* What to do
Please output the section of the listing below that opens with the line containing "# Drawn here: x" and closes with the line containing "for name, color, linetype, lineweight", exactly and with nothing else.
# # # # # # #
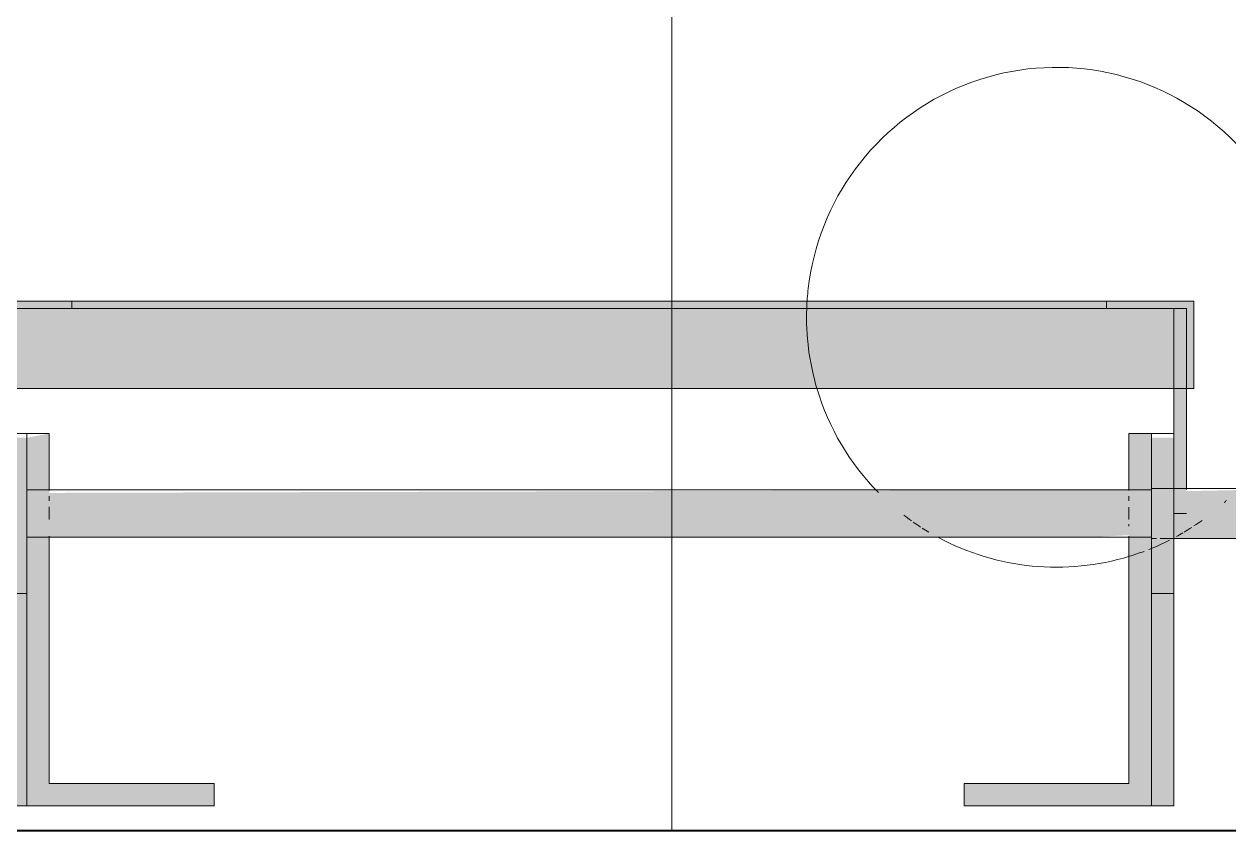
# Model space of a CAD drawing. Header units: millimetres. Extents: x 12827 to 109288, y -12264 to 68487.
# Drawn here: x 38213.2 to 38695.3, y 36007.5 to 36330.3 of the extents above; entities that cross this region are included whole.
import ezdxf

# ---------------------------------------------------------------- set-up
doc = ezdxf.new("R2010")
doc.units = ezdxf.units.MM
for name, color, linetype, lineweight in [('A-FLOR', 192, 'Continuous', 9), ('A-FLOR-PATT', 8, 'Continuous', 9), ('A-WALL', 113, 'Continuous', 20), ('Q-CASE', 31, 'Continuous', 20)]:
    doc.layers.add(name, color=color, linetype=linetype, lineweight=lineweight)

# ---------------------------------------------------------------- blocks, each defined once
blk = doc.blocks.new('DLN_Cat Ladder - 750x750x2500 _WDH_-14044057-Copy of 2_F')
at = {"layer": 'Q-CASE', "transparency": 33554432}
for points in [[(-189.3, -600), (-189.3, -699), (-180.3, -699), (-180.3, -600)], [(-180.3, -600), (-180.3, -749), (-171.3, -749), (-171.3, -609), (-105.3, -609), (-105.3, -600), (-171.3, -600)], [(-105.3, -600), (-180.3, -600), (-180.3, -749), (-171.3, -749), (-171.3, -609), (-105.3, -609)], [(194.7, -600), (194.7, -609), (260.7, -609), (260.7, -749), (269.7, -747.3), (269.7, -600), (229.48, -600)], [(194.7, -600), (194.7, -609), (260.7, -609), (260.7, -749), (269.7, -747.3), (269.7, -600), (229.48, -600)], [(269.7, -600), (269.7, -699), (278.7, -699), (278.7, -600)], [(-189.3, -699), (-189.3, -747.3), (-180.3, -747.3), (-180.3, -699)], [(269.7, -699), (269.7, -747.3), (278.7, -747.3), (278.7, -699)], [(-183.74, -707), (-263.96, -708.34), (-245.3, -727), (-180.3, -725.23), (-182.32, -707)], [(-183.74, -707), (-263.96, -708.34), (-245.3, -727), (-180.3, -725.23), (-182.32, -707)], [(-183.74, -707), (-263.96, -708.34), (-245.3, -727), (-180.3, -725.23), (-182.32, -707)], [(-183.74, -707), (-263.96, -708.34), (-245.3, -727), (-180.3, -725.23), (-182.32, -707)], [(-183.74, -707), (-263.96, -708.34), (-245.3, -727), (-180.3, -725.23), (-182.32, -707)], [(-183.74, -707), (-263.96, -708.34), (-245.3, -727), (-180.3, -725.23), (-182.32, -707)], [(-183.74, -707), (-263.96, -708.34), (-245.3, -727), (-180.3, -725.23), (-182.32, -707)], [(-189.3, -707), (-263.96, -708.34), (-245.3, -727), (-180.3, -725.23), (-182.32, -707), (-183.74, -707)], [(-263.96, -707), (-263.96, -708.34), (-245.3, -727), (-180.3, -725.23), (-182.32, -707), (-263.95, -707)], [(-209.78, -707), (-263.96, -708.34), (-245.3, -727), (-180.3, -725.66), (-182.32, -707), (-189.3, -707)], [(-99.96, -707.5), (-180.3, -708.77), (-178.85, -726.5), (269.7, -725.23), (269.7, -707.5), (-45.05, -707.5)], [(-99.96, -707.5), (-180.3, -708.77), (-178.85, -726.5), (269.7, -725.23), (269.7, -707.5), (-45.05, -707.5)], [(9.85, -707.5), (-180.3, -708.77), (-178.85, -726.5), (269.7, -725.23), (269.7, -707.5), (119.67, -707.5)], [(-99.96, -707.5), (-180.3, -708.77), (-178.85, -726.5), (269.7, -725.23), (269.7, -707.5), (-45.05, -707.5)], [(-154.87, -707.5), (-180.3, -708.77), (-178.85, -726.5), (269.7, -725.23), (269.7, -707.5), (-99.96, -707.5)], [(-99.96, -707.5), (-180.3, -708.77), (-178.85, -726.5), (269.7, -725.23), (269.7, -707.5), (-45.05, -707.5)], [(-99.96, -707.5), (-180.3, -708.77), (-178.85, -726.5), (269.7, -725.23), (269.7, -707.5), (-45.05, -707.5)], [(-154.87, -707.5), (-180.3, -708.77), (-180.3, -726.5), (269.7, -725.23), (269.7, -707.5), (-99.96, -707.5)], [(-154.87, -707.5), (-180.3, -708.77), (-178.85, -726.5), (269.7, -725.23), (269.7, -707.5), (-99.96, -707.5)], [(-194.3, -717), (-194.3, -799), (-189.3, -799), (-189.3, -717)], [(-194.3, -717), (-194.3, -799), (-189.3, -799), (-189.3, -717)], [(-99.96, -767), (-197.3, -767), (-197.3, -802), (286.7, -802), (286.7, -767), (9.85, -767)], [(-162.3, -767), (-194.3, -767), (-194.3, -799), (283.7, -799), (283.7, -767), (-99.96, -767)], [(-162.3, -799), (-162.3, -802), (251.7, -802), (251.7, -799), (-99.96, -799)], [(-99.96, -799), (-162.3, -799), (-162.3, -802), (251.7, -802), (251.7, -799), (9.85, -799)]]:
    blk.add_hatch(color=201, dxfattribs=at).paths.add_polyline_path(points, flags=0)
at = {"layer": 'Q-CASE'}
for p, q in [((-189.3, -600), (-189.3, -685)), ((-189.3, -699), (-189.3, -600)), ((-180.3, -600), (-189.3, -600)), ((-189.3, -600), (-180.3, -600)), ((-180.3, -699), (-180.3, -600)), ((-180.3, -600), (-105.3, -600)), ((-105.3, -600), (-180.3, -600)), ((-180.3, -600), (-180.3, -707.34)), ((-180.3, -600), (-180.3, -699)), ((-180.3, -685), (-180.3, -600)), ((-105.3, -600), (-180.3, -600)), ((-180.3, -600), (-180.3, -707.34)), ((-180.3, -707.34), (-180.3, -600)), ((-180.3, -600), (-105.3, -600)), ((-105.3, -600), (-105.3, -609)), ((-105.3, -609), (-105.3, -600)), ((-105.3, -609), (-105.3, -600)), ((-105.3, -600), (-105.3, -609)), ((194.7, -600), (194.7, -609)), ((269.7, -600), (194.7, -600)), ((194.7, -600), (269.7, -600)), ((194.7, -609), (194.7, -600)), ((194.7, -600), (269.7, -600)), ((194.7, -609), (194.7, -600)), ((194.7, -600), (194.7, -609)), ((269.7, -600), (194.7, -600)), ((269.7, -707.82), (269.7, -600)), ((269.7, -600), (269.7, -707.82)), ((269.7, -600), (269.7, -685)), ((269.7, -699), (269.7, -600)), ((278.7, -600), (269.7, -600)), ((269.7, -600), (278.7, -600)), ((269.7, -600), (269.7, -699)), ((269.7, -707.82), (269.7, -600)), ((-105.3, -609), (-171.3, -609)), ((-171.3, -609), (-171.3, -699)), ((-171.3, -707.84), (-171.3, -609)), ((-171.3, -609), (-105.3, -609)), ((-171.3, -707.84), (-171.3, -609)), ((-171.3, -609), (-105.3, -609)), ((-105.3, -609), (-171.3, -609)), ((-171.3, -609), (-171.3, -707.84)), ((194.7, -609), (260.7, -609)), ((260.7, -609), (194.7, -609)), ((260.7, -609), (194.7, -609)), ((194.7, -609), (260.7, -609)), ((260.7, -609), (260.7, -707.82)), ((260.7, -707.82), (260.7, -609)), ((260.7, -699), (260.7, -609)), ((260.7, -609), (260.7, -707.82)), ((-189.3, -685), (-189.3, -699)), ((-189.3, -685), (-180.3, -685)), ((-189.3, -685), (-180.3, -685)), ((-180.3, -699), (-180.3, -685)), ((269.7, -685), (269.7, -699)), ((269.7, -685), (278.7, -685)), ((269.7, -685), (278.7, -685)), ((-189.3, -699), (-189.3, -707.5)), ((-189.3, -749), (-189.3, -699)), ((-180.3, -699), (-180.3, -707.4)), ((-180.3, -699), (-180.3, -749)), ((-180.3, -707.4), (-180.3, -699)), ((-171.3, -707.9), (-171.3, -699)), ((260.7, -699), (260.7, -707.88)), ((269.7, -699), (269.7, -707.88)), ((269.7, -749), (269.7, -699)), ((269.7, -707.88), (269.7, -699)), ((-189.3, -707), (-265.3, -707)), ((-189.3, -707), (-264.69, -707)), ((-189.3, -707), (-264.69, -707)), ((-189.3, -707), (-264.69, -707)), ((-189.3, -707), (-264.69, -707)), ((-189.3, -707), (-264.69, -707)), ((-189.3, -707), (-264.69, -707)), ((-189.3, -707), (-264.69, -707)), ((-189.3, -707), (-264.69, -707)), ((-189.3, -707), (-264.69, -707)), ((-183.74, -707), (-189.3, -707)), ((-183.74, -707), (-189.3, -707)), ((-183.74, -707), (-189.3, -707)), ((-183.74, -707), (-189.3, -707)), ((-183.74, -707), (-189.3, -707)), ((-183.74, -707), (-189.3, -707)), ((-183.74, -707), (-189.3, -707)), ((-183.74, -707), (-189.3, -707)), ((-183.74, -707), (-189.3, -707)), ((-183.74, -707), (-189.3, -707)), ((-180.3, -707), (-182.32, -707)), ((-180.3, -707), (-182.32, -707)), ((-180.3, -707), (-182.32, -707)), ((-180.3, -707), (-182.32, -707)), ((-180.3, -707), (-182.32, -707)), ((-180.3, -707), (-182.32, -707)), ((-180.3, -707), (-182.32, -707)), ((-180.3, -707), (-182.32, -707)), ((-180.3, -707), (-182.32, -707)), ((-180.3, -707), (-182.32, -707)), ((-180.3, -707.34), (-180.3, -707)), ((-180.3, -707), (-180.3, -707.34)), ((-180.3, -707.34), (-180.3, -707)), ((-180.3, -707), (-180.3, -707.34)), ((-180.3, -707.34), (-180.3, -707)), ((-180.3, -707), (-180.3, -707.34)), ((-180.3, -707.34), (-180.3, -707)), ((-180.3, -707), (-180.3, -707.34)), ((-180.3, -707.34), (-180.3, -707)), ((-180.3, -707), (-180.3, -707.34)), ((-180.3, -707.34), (-180.3, -707)), ((-180.3, -707), (-180.3, -707.34)), ((-180.3, -707.34), (-180.3, -707)), ((-180.3, -707), (-180.3, -707.34)), ((-180.3, -707.34), (-180.3, -707)), ((-180.3, -707), (-180.3, -707.34)), ((-180.3, -707.34), (-180.3, -707)), ((-180.3, -707), (-180.3, -707.34)), ((-180.3, -707.34), (-180.3, -707)), ((-180.3, -707), (-180.3, -727)), ((-180.3, -709.93), (-180.3, -707.34)), ((-180.3, -707.34), (-180.3, -714.41)), ((-180.3, -714.41), (-180.3, -707.34)), ((-180.3, -707.34), (-180.3, -714.41)), ((-180.3, -714.41), (-180.3, -707.34)), ((-180.3, -707.34), (-180.3, -712)), ((-180.3, -709.93), (-180.3, -707.34)), ((-180.3, -707.34), (-180.3, -709.93)), ((-180.3, -708.34), (-180.3, -707.34)), ((-180.3, -707.34), (-180.3, -709.93)), ((-180.3, -712), (-180.3, -707.34)), ((-180.3, -707.34), (-180.3, -714.41)), ((-180.3, -708.34), (-180.3, -707.34)), ((-180.3, -707.34), (-180.3, -712)), ((-180.3, -714.41), (-180.3, -707.34)), ((-180.3, -707.34), (-180.3, -714.41)), ((-180.3, -714.41), (-180.3, -707.34)), ((-180.3, -707.34), (-180.3, -708.34)), ((-180.3, -714.41), (-180.3, -707.34)), ((-171.3, -707.5), (-180.3, -707.5)), ((-180.3, -707.82), (-180.3, -707.5)), ((-180.3, -707.5), (-180.3, -707.82)), ((-171.3, -707.5), (-180.3, -707.5)), ((-180.3, -707.82), (-180.3, -707.5)), ((-180.3, -707.5), (-180.3, -707.82)), ((-171.3, -707.5), (-180.3, -707.5)), ((-180.3, -707.82), (-180.3, -707.5)), ((-180.3, -707.5), (-180.3, -707.82)), ((-171.3, -707.5), (-180.3, -707.5)), ((-180.3, -707.82), (-180.3, -707.5)), ((-180.3, -707.5), (-180.3, -707.82)), ((-171.3, -707.5), (-180.3, -707.5)), ((-180.3, -707.82), (-180.3, -707.5)), ((-180.3, -707.5), (-180.3, -707.82)), ((-171.3, -707.5), (-180.3, -707.5)), ((-180.3, -707.82), (-180.3, -707.5)), ((-180.3, -707.5), (-180.3, -707.82)), ((-171.3, -707.5), (-180.3, -707.5)), ((-180.3, -707.82), (-180.3, -707.5)), ((-180.3, -707.5), (-180.3, -707.82)), ((269.7, -707.5), (-180.3, -707.5)), ((-180.3, -707.82), (-180.3, -707.5)), ((-180.3, -707.5), (-180.3, -707.82)), ((-171.3, -707.5), (-180.3, -707.5)), ((-180.3, -707.82), (-180.3, -707.5)), ((-180.3, -707.5), (-180.3, -707.82)), ((-180.3, -708.77), (-180.3, -707.82)), ((-180.3, -707.82), (-180.3, -708.77)), ((-180.3, -708.77), (-180.3, -707.82)), ((-180.3, -707.82), (-180.3, -708.77)), ((-180.3, -708.77), (-180.3, -707.82)), ((-180.3, -707.82), (-180.3, -708.77)), ((-180.3, -708.77), (-180.3, -707.82)), ((-180.3, -707.82), (-180.3, -708.77)), ((-180.3, -708.77), (-180.3, -707.82)), ((-180.3, -707.82), (-180.3, -708.77)), ((-180.3, -708.77), (-180.3, -707.82)), ((-180.3, -707.82), (-180.3, -708.77)), ((-180.3, -708.77), (-180.3, -707.82)), ((-180.3, -707.82), (-180.3, -708.77)), ((-180.3, -708.77), (-180.3, -707.82)), ((-180.3, -707.82), (-180.3, -708.77)), ((-180.3, -708.77), (-180.3, -707.82)), ((-180.3, -707.82), (-180.3, -708.77)), ((-180.3, -714.41), (-180.3, -708.34)), ((-180.3, -709.93), (-180.3, -708.34)), ((-180.3, -708.34), (-180.3, -714.41)), ((260.7, -707.5), (-171.3, -707.5)), ((260.7, -707.5), (-171.3, -707.5)), ((260.7, -707.5), (-171.3, -707.5)), ((260.7, -707.5), (-171.3, -707.5)), ((260.7, -707.5), (-171.3, -707.5)), ((260.7, -707.5), (-171.3, -707.5)), ((260.7, -707.5), (-171.3, -707.5)), ((260.7, -707.5), (-171.3, -707.5)), ((269.7, -707.5), (260.7, -707.5)), ((269.7, -707.5), (260.7, -707.5)), ((269.7, -707.5), (260.7, -707.5)), ((269.7, -707.5), (260.7, -707.5)), ((269.7, -707.5), (260.7, -707.5)), ((269.7, -707.5), (260.7, -707.5)), ((269.7, -707.5), (260.7, -707.5)), ((269.7, -707.5), (260.7, -707.5)), ((269.7, -707.82), (269.7, -707.5)), ((269.7, -707.5), (269.7, -723.72)), ((269.7, -712.25), (269.7, -707.5)), ((269.7, -707.5), (269.7, -708.77)), ((269.7, -712.25), (269.7, -707.5)), ((269.7, -707.5), (269.7, -723.72)), ((269.7, -707.82), (269.7, -707.5)), ((269.7, -707.5), (269.7, -708.77)), ((269.7, -723.72), (269.7, -707.5)), ((269.7, -707.5), (269.7, -707.82)), ((269.7, -717), (269.7, -707.5)), ((269.7, -707.5), (269.7, -723.72)), ((269.7, -707.82), (269.7, -707.5)), ((269.7, -707.5), (269.7, -710.28)), ((269.7, -721.75), (269.7, -707.5)), ((269.7, -707.5), (269.7, -707.82)), ((269.7, -719.46), (269.7, -707.5)), ((269.7, -707.5), (269.7, -723.72)), ((269.7, -708.77), (269.7, -707.82)), ((269.7, -710.28), (269.7, -707.82)), ((269.7, -707.82), (269.7, -710.28)), ((269.7, -710.28), (269.7, -707.82)), ((269.7, -707.82), (269.7, -714.54)), ((-180.3, -714.54), (-180.3, -708.77)), ((-180.3, -708.77), (-180.3, -714.54)), ((-180.3, -712.25), (-180.3, -708.77)), ((-180.3, -708.77), (-180.3, -714.54)), ((-180.3, -717), (-180.3, -708.77)), ((-180.3, -708.77), (-180.3, -725.23)), ((-180.3, -712.25), (-180.3, -708.77)), ((-180.3, -708.77), (-180.3, -725.23)), ((-180.3, -725.23), (-180.3, -708.77)), ((-180.3, -708.77), (-180.3, -712.25)), ((-180.3, -714.54), (-180.3, -708.77)), ((-180.3, -708.77), (-180.3, -710.28)), ((-180.3, -717), (-180.3, -708.77)), ((-180.3, -708.77), (-180.3, -725.23)), ((-180.3, -725.23), (-180.3, -708.77)), ((-180.3, -708.77), (-180.3, -721.75)), ((-180.3, -725.23), (-180.3, -708.77)), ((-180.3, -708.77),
# # # # # # #
* Your response
# Drawn here: x 38213.2 to 38695.3, y 36007.5 to 36330.3 of the extents above; entities that cross this region are included whole.
import ezdxf

# ---------------------------------------------------------------- set-up
doc = ezdxf.new("R2010")
doc.units = ezdxf.units.MM
for name, color, linetype, lineweight in [('A-FLOR', 192, 'Continuous', 9), ('A-FLOR-PATT', 8, 'Continuous', 9), ('A-WALL', 113, 'Continuous', 20), ('Q-CASE', 31, 'Continuous', 20)]:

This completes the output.